I'd call it a drop in the bucket but its not even that.
 

Changleen

Paranoid Member
Jan 9, 2004
14,912
2,877
Pōneke
DRB said:
No you misinterpret what they are going to do. Everyday the Chinese will announce what the yuan is worth not the market. AND it will only trade within a very tight range. Conservative estimates figure that yuan might be undervalued by as much as 20%.

The FAQ was developed IF the Chinese had released their currency BUT that's not what happened so they edited to be more appropriate to what actually happened.

Certainly an overnight release would have been silly BUT announcing plans for the long term conversion wouldn't have been. However, that's not what the Chinese want to do. This is a publicity move in face of the economic talks to take place in China in October. IF they hadn't done something the talks would have centered around the value of the yuan and nothing else.

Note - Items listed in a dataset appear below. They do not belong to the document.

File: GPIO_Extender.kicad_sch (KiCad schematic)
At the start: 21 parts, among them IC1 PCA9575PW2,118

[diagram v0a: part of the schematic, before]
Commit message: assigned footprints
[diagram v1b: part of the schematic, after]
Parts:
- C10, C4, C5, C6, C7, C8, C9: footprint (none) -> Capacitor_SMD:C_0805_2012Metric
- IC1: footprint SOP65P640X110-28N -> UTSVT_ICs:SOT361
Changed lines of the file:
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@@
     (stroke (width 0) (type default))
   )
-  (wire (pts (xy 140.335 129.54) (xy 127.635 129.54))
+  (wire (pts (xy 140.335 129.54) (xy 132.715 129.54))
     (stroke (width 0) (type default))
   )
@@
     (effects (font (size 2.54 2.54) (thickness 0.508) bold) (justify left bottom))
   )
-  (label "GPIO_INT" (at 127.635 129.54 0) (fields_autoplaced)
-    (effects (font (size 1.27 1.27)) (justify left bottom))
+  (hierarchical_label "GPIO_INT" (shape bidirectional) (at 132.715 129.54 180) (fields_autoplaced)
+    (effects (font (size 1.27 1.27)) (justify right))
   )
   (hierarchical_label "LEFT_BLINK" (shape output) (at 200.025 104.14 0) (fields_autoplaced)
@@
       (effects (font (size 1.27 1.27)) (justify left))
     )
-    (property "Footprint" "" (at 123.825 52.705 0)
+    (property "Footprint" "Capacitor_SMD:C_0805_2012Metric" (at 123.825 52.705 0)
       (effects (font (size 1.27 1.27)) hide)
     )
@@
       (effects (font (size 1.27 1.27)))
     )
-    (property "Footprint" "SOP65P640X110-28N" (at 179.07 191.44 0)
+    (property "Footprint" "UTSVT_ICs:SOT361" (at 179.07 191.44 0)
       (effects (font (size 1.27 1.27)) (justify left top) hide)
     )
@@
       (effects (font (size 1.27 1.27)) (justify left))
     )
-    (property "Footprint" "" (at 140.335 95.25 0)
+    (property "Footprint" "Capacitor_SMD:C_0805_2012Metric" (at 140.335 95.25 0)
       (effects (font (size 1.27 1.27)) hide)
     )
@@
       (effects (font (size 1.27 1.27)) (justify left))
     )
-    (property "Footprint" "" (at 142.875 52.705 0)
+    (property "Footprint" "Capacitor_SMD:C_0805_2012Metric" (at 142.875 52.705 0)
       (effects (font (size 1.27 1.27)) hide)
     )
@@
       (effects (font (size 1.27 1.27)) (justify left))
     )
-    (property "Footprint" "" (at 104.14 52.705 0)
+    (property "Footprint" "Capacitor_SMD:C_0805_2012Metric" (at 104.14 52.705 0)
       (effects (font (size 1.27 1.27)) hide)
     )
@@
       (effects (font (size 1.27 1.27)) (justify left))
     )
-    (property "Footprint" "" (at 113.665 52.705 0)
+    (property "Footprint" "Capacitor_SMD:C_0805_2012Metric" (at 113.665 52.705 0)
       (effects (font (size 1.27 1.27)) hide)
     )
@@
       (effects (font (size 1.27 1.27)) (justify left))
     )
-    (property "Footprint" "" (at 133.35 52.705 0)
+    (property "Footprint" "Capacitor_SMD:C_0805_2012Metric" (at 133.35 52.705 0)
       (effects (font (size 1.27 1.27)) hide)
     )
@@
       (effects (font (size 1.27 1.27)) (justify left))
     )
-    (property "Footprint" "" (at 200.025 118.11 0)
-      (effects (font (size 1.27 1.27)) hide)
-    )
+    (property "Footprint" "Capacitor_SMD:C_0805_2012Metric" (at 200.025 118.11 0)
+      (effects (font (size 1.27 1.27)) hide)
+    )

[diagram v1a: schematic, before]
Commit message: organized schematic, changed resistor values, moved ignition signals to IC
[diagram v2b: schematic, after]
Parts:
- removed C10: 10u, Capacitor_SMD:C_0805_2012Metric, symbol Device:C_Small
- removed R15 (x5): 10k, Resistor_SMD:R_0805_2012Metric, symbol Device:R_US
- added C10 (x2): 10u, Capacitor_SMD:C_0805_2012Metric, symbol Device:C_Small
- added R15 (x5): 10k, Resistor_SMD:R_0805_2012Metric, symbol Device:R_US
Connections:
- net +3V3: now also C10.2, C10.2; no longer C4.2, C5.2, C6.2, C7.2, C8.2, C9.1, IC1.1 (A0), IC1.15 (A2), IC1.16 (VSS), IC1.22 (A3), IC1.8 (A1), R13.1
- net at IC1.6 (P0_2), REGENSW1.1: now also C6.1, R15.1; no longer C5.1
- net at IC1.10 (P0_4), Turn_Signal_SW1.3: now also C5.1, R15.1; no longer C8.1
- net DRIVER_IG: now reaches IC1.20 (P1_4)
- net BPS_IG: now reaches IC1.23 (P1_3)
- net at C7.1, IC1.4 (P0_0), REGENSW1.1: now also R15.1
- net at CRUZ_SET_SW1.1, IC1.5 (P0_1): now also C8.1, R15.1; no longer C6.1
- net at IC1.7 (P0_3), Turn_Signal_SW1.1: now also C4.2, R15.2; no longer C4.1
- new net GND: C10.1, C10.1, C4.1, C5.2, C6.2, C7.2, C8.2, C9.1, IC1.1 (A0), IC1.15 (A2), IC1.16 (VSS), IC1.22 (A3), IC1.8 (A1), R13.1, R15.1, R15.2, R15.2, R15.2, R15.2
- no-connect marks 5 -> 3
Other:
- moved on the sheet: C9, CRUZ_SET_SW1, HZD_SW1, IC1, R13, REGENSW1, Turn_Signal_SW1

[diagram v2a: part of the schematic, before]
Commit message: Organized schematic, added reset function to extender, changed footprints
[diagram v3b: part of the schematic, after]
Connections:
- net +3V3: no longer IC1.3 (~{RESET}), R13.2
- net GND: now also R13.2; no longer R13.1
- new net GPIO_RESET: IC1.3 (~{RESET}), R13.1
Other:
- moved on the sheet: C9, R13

I'd call it a drop in the bucket but its not even that.
You can't expect huge changes overnight from an economy that size. It's utterly unrealistic. China has over a billion people to provide for. China commited a long time ago to eventually change the lock on it's rates, and made it clear at the time it may take a long time and it would do so at it's convenience. When does any country, let alone America or 'Old Europe' even demand any less in such a position? China has now made a start. America and the West have been noisy about this for a while. A PR victory. A 2.2% revaluation in your favour (Think what this actually means when you consider the amount trade with China each year) and a small range to trade within are a start.
 

DRB

unemployed bum
Oct 24, 2002
15,242
0
Watchin' you. Writing it all down.
Changleen said:
You can't expect huge changes overnight from an economy that size. It's utterly unrealistic. China has over a billion people to provide for. China commited a long time ago to eventually change the lock on it's rates, and made it clear at the time it may take a long time and it would do so at it's convenience. When does any country, let alone America or 'Old Europe' even demand any less in such a position? China has now made a start. America and the West have been noisy about this for a while. A PR victory. A 2.2% revaluation in your favour (Think what this actually means when you consider the amount trade with China each year) and a small range to trade within are a start.
See but it is not in the West's favor. All this will probably do is drive inflation up which will force the west to react by tightening interest rates which will increase the value of the dollar/euro/pound...... are you getting it?

And you continue to miss the fact that there is no trading on yuan. The Chinese come out everyday give the value with the range they have established and that's that.

I don't expect drastic changes BUT a road map to a market driven yuan would be an expected step. So don't expect me to get all excited in the pants about, what in reality, is a false change.